At this point, we want to use the model we created earlier, bma_audsco to predict the popularity of a movie based on its ‘audience_score’ , The land(2016). The data used to make this prediction come from Rotten Tomatoes (https://www.rottentomatoes.com/m/the_land_2016#audience_reviews) and IMDB (https://www.imdb.com/title/tt5164412/?ref_=ttawd_awd_tt).
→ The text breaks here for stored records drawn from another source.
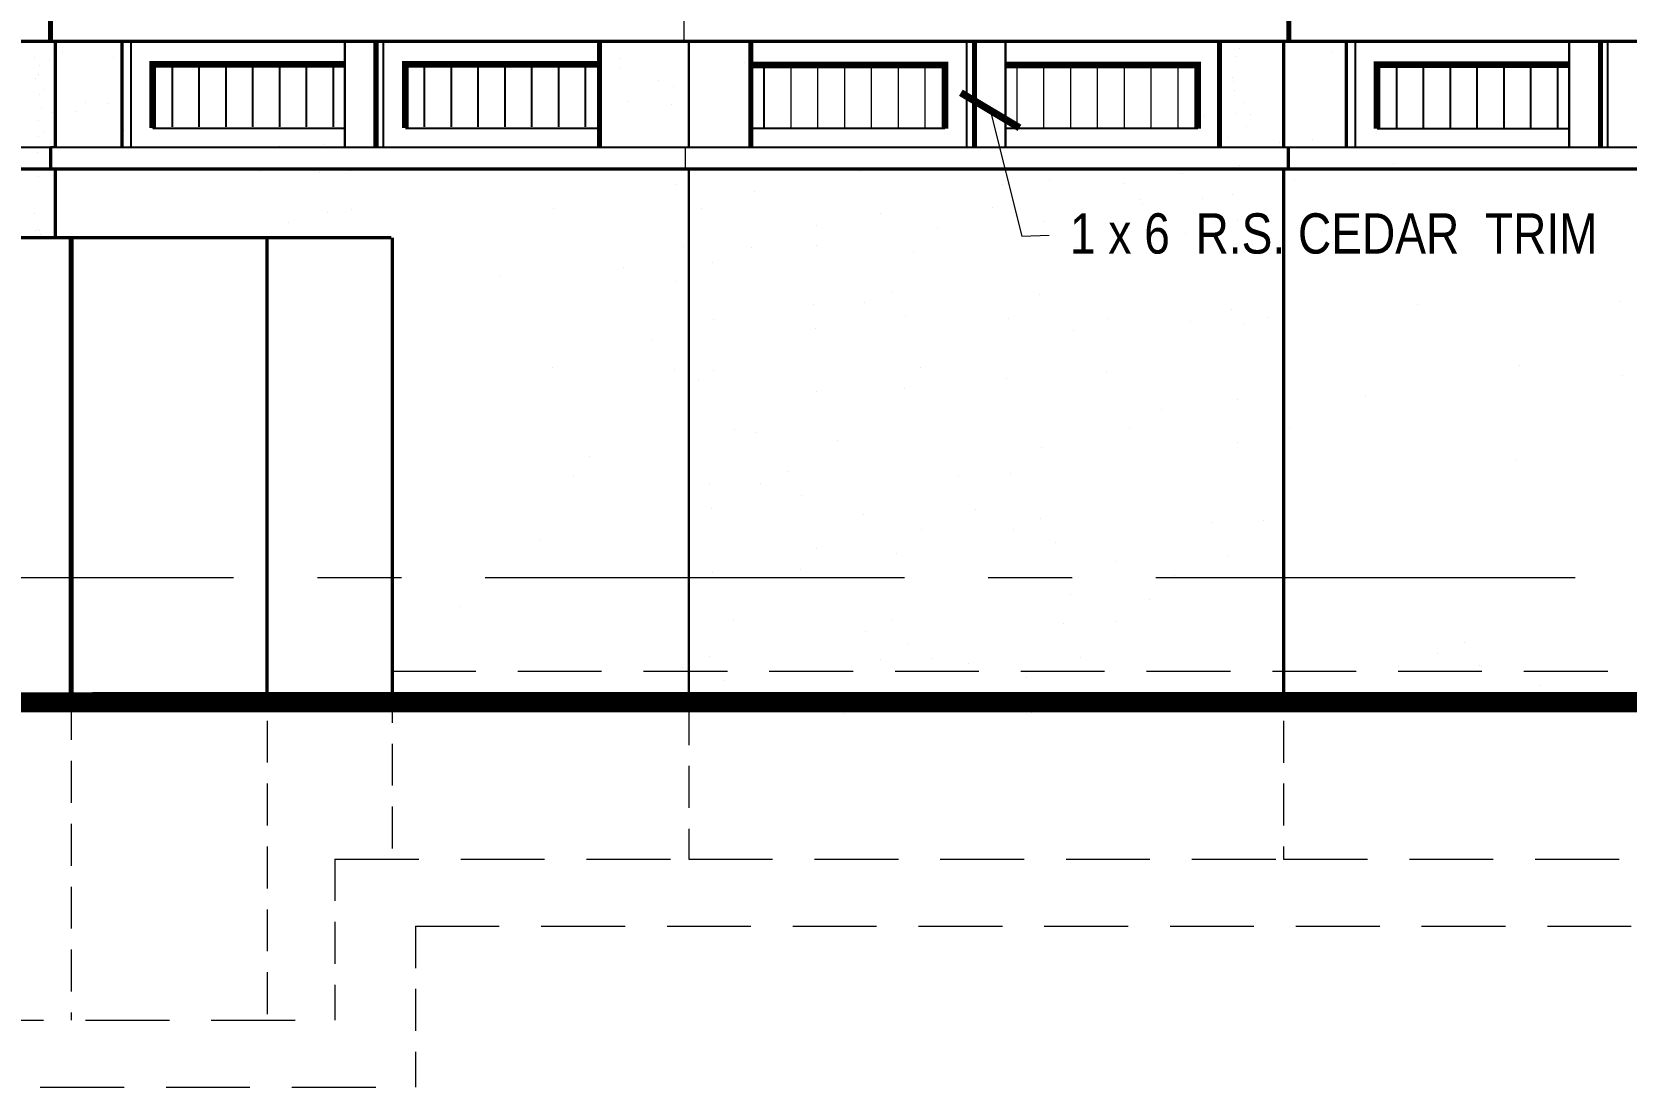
# Model space of a CAD drawing. Header units: inches. Extents: x 279 to 11006, y 233 to 7807.
# Drawn here: x 2190.2 to 2427.9, y 362 to 519.3 of the extents above; entities that cross this region are included whole.
import ezdxf

# ---------------------------------------------------------------- set-up
doc = ezdxf.new("R2010")
doc.units = ezdxf.units.IN
doc.header["$MEASUREMENT"] = 0
doc.linetypes.add('CENTER', pattern=[2, 1.25, -0.25, 0.25, -0.25])
doc.linetypes.add('HIDDEN', pattern=[0.375, 0.25, -0.125])
doc.layers.add('FOUNDATION', color=7, linetype='HIDDEN', lineweight=20)
for name, color, linetype in [('LLMASONRY', 12, 'Continuous'), ('NORTH_ELEVATION', 7, 'Continuous'), ('SOUTH_ELEVATION', 7, 'Continuous'), ('SOUTH_ELEVATION_TEXT', 7, 'Continuous')]:
    doc.layers.add(name, color=color, linetype=linetype)
doc.styles.add('ARCHENT', font='technical.ttf', dxfattribs={"height": 6})
doc.styles.add('ARCHENTLTD', font='technical.ttf', dxfattribs={"height": 0.1875})
doc.dimstyles.new('ARCHENTLTD', dxfattribs={"dimscale": 0.05, "dimtxt": 0.1875, "dimasz": 3, "dimexe": 9, "dimexo": 1, "dimgap": 2.5, "dimtad": 0, "dimdec": 1, "dimzin": 1, "dimdsep": 46, "dimlunit": 4, "dimtxsty": 'ARCHENTLTD', "dimblk": 'ARCHTICK', "dimcen": 6, "dimclrd": 256, "dimclre": 256, "dimclrt": 256, "dimaunit": 1, "dimadec": 0, "dimazin": 0, "dimtfac": 1, "dimtdec": 1, "dimtofl": 0, "dimtmove": 1, "dimatfit": 3, "dimldrblk": 'ARCHTICK', "dimfxl": 1, "dimfrac": 2, "dimtolj": 1, "dimtzin": 0, "dimlwd": 9, "dimlwe": 9, "dimarcsym": 0})

# ---------------------------------------------------------------- blocks, each defined once
blk = doc.blocks.new('_ArchTick')
at = {"color": 0, "linetype": 'ByBlock', "const_width": 0.15}
blk.add_lwpolyline([(-0.5, -0.5), (0.5, 0.5)], dxfattribs=at)

msp = doc.modelspace()

# ---------------------------------------------------------------- linework, layer by layer
at = {"layer": 'FOUNDATION', "linetype": 'HIDDEN', "ltscale": 25}
for p, q in [((2288.173921476555, 437.9573446455834), (2288.166783755649, 395.9573446489939)), ((2243.957341694461, 431.9103251767923), (2243.951231638728, 395.9573446489938)), ((2225.304244697889, 425.9573446455834), (2225.295065813265, 371.9466654318778)), ((2376.851270896648, 425.9501170321709, -0.3407284259460739), (2376.846173752874, 395.9573446489936, -0.3407284259460739)), ((2196.089310795714, 419.9573516053398), (2196.081151616352, 371.9468539104893)), ((2235.422221780978, 395.9573367601354), (2235.418143084657, 371.9573446455835)), ((2247.422221782319, 385.9573446489954), (2247.418143084657, 361.9573446455856))]:
    msp.add_line(p, q, dxfattribs=at)
at = {"layer": 'FOUNDATION', "ltscale": 50}
msp.add_line((2243.91523912775, 423.9573446455834), (3653.574640055906, 423.9573446455834), dxfattribs=at)
at = {"layer": 'LLMASONRY', "color": 27, "linetype": 'Continuous', "lineweight": 20, "ltscale": 0.75}
msp.add_line((2237.943486406221, 492.7822756551077, -0.3407284259460739), (2237.943486406221, 492.7822756551077, -0.3407284259460739), dxfattribs=at)
at = {"layer": 'LLMASONRY', "color": 27, "linetype": 'Continuous', "ltscale": 0.5, "const_width": 0.5}
msp.add_lwpolyline([(2243.815176785793, 488.5868991813659), (2172.229271609623, 488.5868991813658)], dxfattribs=at)
at = {"layer": 'NORTH_ELEVATION', "color": 49, "linetype": 'Continuous', "lineweight": 20, "ltscale": 0.5}
msp.add_line((2287.424954951748, 521.3713159014942), (2287.424954951748, 517.8713159014942), dxfattribs=at)
at = {"layer": 'NORTH_ELEVATION', "color": 7, "linetype": 'Continuous', "ltscale": 0.5}
for p, q in [((2205.015396055852, 502.1001196521493), (2205.015396055852, 517.8387460225749)), ((2242.673078532974, 502.1477035900562), (2242.673078532974, 517.9284745047653)), ((2329.611958783944, 502.0723527337607), (2329.612450029531, 517.8531236408246)), ((2367.269641705692, 502.086049777796), (2367.270129695216, 517.762222898433)), ((2387.540890326261, 502.1054142910707), (2387.540890326261, 517.7815874193029)), ((2425.198572803382, 502.0905449867842), (2425.198572803382, 517.8713159014942)), ((2208.24593703715, 504.9317445725837), (2236.879534250019, 504.9317445725837)), ((2245.929142740442, 504.9317445725837), (2274.929142740442, 504.9317445725837)), ((2326.355981243518, 504.8564950741941), (2297.355981257569, 504.857397826165)), ((2364.039186928552, 504.8553220194283), (2335.405589729557, 504.856213365508)), ((2390.771431307558, 504.8745859693117), (2419.405028520428, 504.8745859693117)), ((2155.128777514789, 502.1001301632386, 0.9999999999999925), (2616.426096336543, 502.1000329680903, 0.2043235023517326)), ((2193.979089617321, 502.1001301632386), (2192.998985889178, 502.1001301632386)), ((2376.620659119098, 502.1001301632386), (2377.600762847241, 502.1001301632386))]:
    msp.add_line(p, q, dxfattribs=at)
at = {"layer": 'NORTH_ELEVATION', "color": 47, "linetype": 'Continuous', "ltscale": 0.5}
for p, q in [((2208.24593703715, 504.9317445725837), (2208.24593703715, 514.4432056553751)), ((2236.879534250019, 514.4432056553742, 42.20675798287898), (2208.24593703715, 514.4432056553742, 43.09372414368741)), ((2236.879534250019, 514.4432056553742, -2.863448740039523), (2208.324705454927, 514.4432056553742, -1.978922542348246)), ((2335.405885815427, 514.36767444369, 42.20675798287898), (2364.039483014423, 514.3667830976103, 43.09372414368741)), ((2335.405885815427, 514.36767444369, -2.863448740039523), (2363.960714596683, 514.3667855496226, -1.978922542348246)), ((2364.039186928552, 504.8553220194283), (2364.039483014423, 514.3667830976103)), ((2390.771431307558, 504.8745859693117), (2390.771431307558, 514.3860470521031)), ((2419.405028520428, 514.3860470521031, 42.20675798287898), (2390.771431307558, 514.3860470521031, 43.09372414368741)), ((2419.405028520428, 514.3860470521022, -2.863448740039523), (2390.850199725336, 514.3860470521031, -1.978922542348246))]:
    msp.add_line(p, q, dxfattribs=at)
at = {"layer": 'NORTH_ELEVATION', "color": 4, "linetype": 'Continuous', "ltscale": 0.5}
for p, q in [((2211.185213748339, 505.1449114805328, 0.02107745765175428), (2211.185213748339, 514.6563725633241, 0.02107745765175428)), ((2215.185213748339, 505.1449114805328, 0.02107745765175428), (2215.185213748339, 514.6563725633241, 0.02107745765175428)), ((2219.185213748339, 505.1449114805328, 0.02107745765175428), (2219.185213748339, 514.6563725633241, 0.02107745765175428)), ((2223.185213748339, 505.1449114805328, 0.02107745765175428), (2223.185213748339, 514.6563725633241, 0.02107745765175428)), ((2227.185213748339, 505.1449114805328, 0.02107745765175428), (2227.185213748339, 514.6563725633241, 0.02107745765175428)), ((2231.185213748339, 505.1449114805328, 0.02107745765175428), (2231.185213748339, 514.6563725633241, 0.02107745765175428)), ((2235.185213748339, 505.1449114805328, 0.02107745765175428), (2235.185213748339, 514.6563725633241, 0.02107745765175428)), ((2248.789651033854, 505.1449114805328, 0.0210774576517565), (2248.789651033854, 514.6563725633232, 0.0210774576517565)), ((2252.789651033854, 505.1449114805328, 0.0210774576517565), (2252.789651033854, 514.6563725633232, 0.0210774576517565)), ((2256.789651033854, 505.1449114805328, 0.0210774576517565), (2256.789651033854, 514.6563725633232, 0.0210774576517565)), ((2260.789651033854, 505.1449114805328, 0.0210774576517565), (2260.789651033854, 514.6563725633232, 0.0210774576517565)), ((2264.789651033854, 505.1449114805328, 0.0210774576517565), (2264.789651033854, 514.6563725633232, 0.0210774576517565)), ((2268.789651033854, 505.1449114805328, 0.0210774576517565), (2268.789651033854, 514.6563725633232, 0.0210774576517565)), ((2272.789651033854, 505.1449114805328, 0.0210774576517565), (2272.789651033854, 514.6563725633232, 0.0210774576517565)), ((2393.710708018748, 504.8745859693117, 0.02107745765175428), (2393.710708018748, 514.5992139600521, 0.02107745765175428)), ((2397.710708018748, 504.8745859693117, 0.02107745765175428), (2397.710708018748, 514.5992139600521, 0.02107745765175428)), ((2401.710708018748, 504.8745859693117, 0.02107745765175428), (2401.710708018748, 514.5992139600521, 0.02107745765175428)), ((2405.710708018748, 504.8745859693117, 0.02107745765175428), (2405.710708018748, 514.5992139600521, 0.02107745765175428)), ((2409.710708018748, 504.8745859693117, 0.02107745765175428), (2409.710708018748, 514.5992139600521, 0.02107745765175428)), ((2413.710708018748, 504.8745859693117, 0.02107745765175428), (2413.710708018748, 514.5992139600521, 0.02107745765175428)), ((2417.710708018748, 504.8745859693117, 0.02107745765175428), (2417.710708018748, 514.5992139600521, 0.02107745765175428))]:
    msp.add_line(p, q, dxfattribs=at)
at = {"layer": 'NORTH_ELEVATION', "color": 37, "linetype": 'Continuous', "ltscale": 0.5}
for p, q in [((2267.243358836905, 514.2202937620732), (2267.243358836905, 514.2202937620732)), ((2277.889698966358, 513.9964506981387), (2277.889698966358, 513.9964506981387)), ((2305.042054304144, 514.1457077574798), (2305.042054304144, 514.1457077574798)), ((2297.397282930514, 509.2050433453753), (2297.397282930514, 509.2050433453753)), ((2285.587722005754, 508.530499485787), (2285.587722005754, 508.530499485787)), ((2297.064300460533, 504.1944223588127), (2297.064300460533, 504.1944223588127)), ((2297.397690141871, 506.0085655427058), (2297.397690141871, 506.0085655427058)), ((2233.755287731135, 502.4309733972668), (2233.755287731135, 502.4309733972668)), ((2376.178349557396, 502.739978501897), (2376.178349557396, 502.739978501897)), ((2381.167781788623, 503.234704101742), (2381.167781788623, 503.234704101742)), ((2393.225060526598, 499.7115148909479), (2393.225060526598, 499.7115148909479)), ((2190.765829298301, 489.6861198169863), (2190.765829298301, 489.6861198169863)), ((2374.553295931051, 476.6552801227144), (2374.553295931051, 476.6552801227144)), ((2266.002268463365, 443.5128019237145, 48312), (2266.002268463365, 443.5128019237145, 48312))]:
    msp.add_line(p, q, dxfattribs=at)
at = {"layer": 'NORTH_ELEVATION', "color": 37, "linetype": 'Continuous', "lineweight": 20, "ltscale": 0.5}
for p, q in [((2296.524216006748, 514.7162023695803), (2296.524216006748, 514.7162023695803)), ((2369.884352071487, 515.6345318717779), (2369.884352071487, 515.6345318717779)), ((2191.150884626122, 512.949916504801), (2191.150884626122, 512.949916504801)), ((2285.900142409444, 511.1379783011889), (2285.900142409444, 511.1379783011889)), ((2191.966825989108, 510.6518205772245), (2191.966825989108, 510.6518205772245)), ((2193.192107420182, 507.2468265542029), (2193.192107420182, 507.2468265542029)), ((2369.716429131509, 507.0482510853644, 0.6156867711752291), (2369.716429131509, 507.0482510853644, 0.6156867711752291)), ((2191.294476667103, 506.0379024354224), (2191.294476667103, 506.0379024354224)), ((2192.029398104352, 504.3869658289914), (2192.029398104352, 504.3869658289914)), ((2191.199961100441, 503.6269268454234), (2191.199961100441, 503.6269268454234)), ((2192.981824688313, 502.739978501897), (2192.981824688313, 502.739978501897)), ((2368.626975063775, 503.5341142875752, 0.6156867711752291), (2368.626975063775, 503.5341142875752, 0.6156867711752291)), ((2290.205706044679, 498.9199626569471), (2290.205706044679, 498.9199626569471)), ((2313.563795644734, 498.5190869416119), (2313.563795644734, 498.5190869416119)), ((2341.935480051767, 497.1211384817761), (2341.935480051767, 497.1211384817761)), ((2361.767477680542, 498.2107754959752), (2361.767477680542, 498.2107754959752)), ((2405.779174815554, 498.7418315473624), (2405.779174815554, 498.7418315473624)), ((2298.002299008451, 495.5371273368646, 0.6156867711752291), (2298.002299008451, 495.5371273368646, 0.6156867711752291)), ((2334.960175433876, 496.4592965906468, -0.3407284259460739), (2334.960175433876, 496.4592965906468, -0.3407284259460739)), ((2355.422448776523, 494.2604459707463, -0.3407284259460739), (2355.422448776523, 494.2604459707463, -0.3407284259460739)), ((2355.790544249116, 493.4836943470909), (2355.790544249116, 493.4836943470909)), ((2422.330615239664, 492.1451331688559, -0.3407284259460739), (2422.330615239664, 492.1451331688559, -0.3407284259460739)), ((2325.31030515249, 490.1324118399689, -0.3407284259460739), (2325.31030515249, 490.1324118399689, -0.3407284259460739)), ((2385.372738814239, 491.2229639150746, 0.6156867711752291), (2385.372738814239, 491.2229639150746, 0.6156867711752291)), ((2362.268181577915, 489.2102425861876, 0.6156867711752291), (2362.268181577915, 489.2102425861876, 0.6156867711752291)), ((2427.129220208184, 479.0339791984252, -0.3407284259460739), (2427.129220208184, 479.0339791984252, -0.3407284259460739)), ((2320.51170018397, 477.0212578695382, -0.3407284259460739), (2320.51170018397, 477.0212578695382, -0.3407284259460739)), ((2267.863055557528, 469.2503969858462, -0.3407284259460739), (2267.863055557528, 469.2503969858462, -0.3407284259460739)), ((2285.996616228093, 468.9623479365218), (2285.996616228093, 468.9623479365218)), ((2289.634846994605, 467.4046384068988, -0.3407284259460739), (2289.634846994605, 467.4046384068988, -0.3407284259460739)), ((2307.152705038685, 465.6211656967398, -0.3407284259460739), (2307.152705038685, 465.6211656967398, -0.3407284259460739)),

theland <- data.frame(audience_score=61,feature_film="yes", drama="yes", runtime = 104,mpaa_rating_R = "yes", thtr_rel_year = 2016, oscar_season = "no", summer_season = "yes", imdb_rating = 6.4, imdb_num_votes = 1393, critics_score = 67, best_pic_nom = "no", best_pic_win = "no", best_actor_win = "no", best_actress_win = "no", best_dir_win = "no", top200_box = "no")
audience_score_pred = predict(bma_audsco, newdata=theland, estimator="BMA",se.fit=TRUE)
audience_score_pred$fit## [1] 61.61292
We will also construct a credible interval around this prediction, which will provide a measure of uncertainty around the prediction.
ci_bma_audsco = confint(audience_score_pred, estimator="BMA")
ci_bma_audsco## 2.5% 97.5% pred
## [1,] 41.66233 81.57263 61.61292
## attr(,"Probability")
## [1] 0.95
## attr(,"class")
## [1] "confint.bas"
This model predicts that the audience score of the movie would roughly be 61,6% (which is almost exactly the true audience score). Also, there is a 95% chance that the score is between 41,7% and 81,8%.
As final remarks, I believe that we have ended up in a parsimonious model that makes very close to reality predictions about the future popularity of a movie. The prediction for the movie “The land” is one of an audience score of 61,6% when the actual score of the movie is 61% (which actually belongs to credible interval). As seen above, our model has a quite low posterior probability, maybe that could have been countered with more/different variables offered.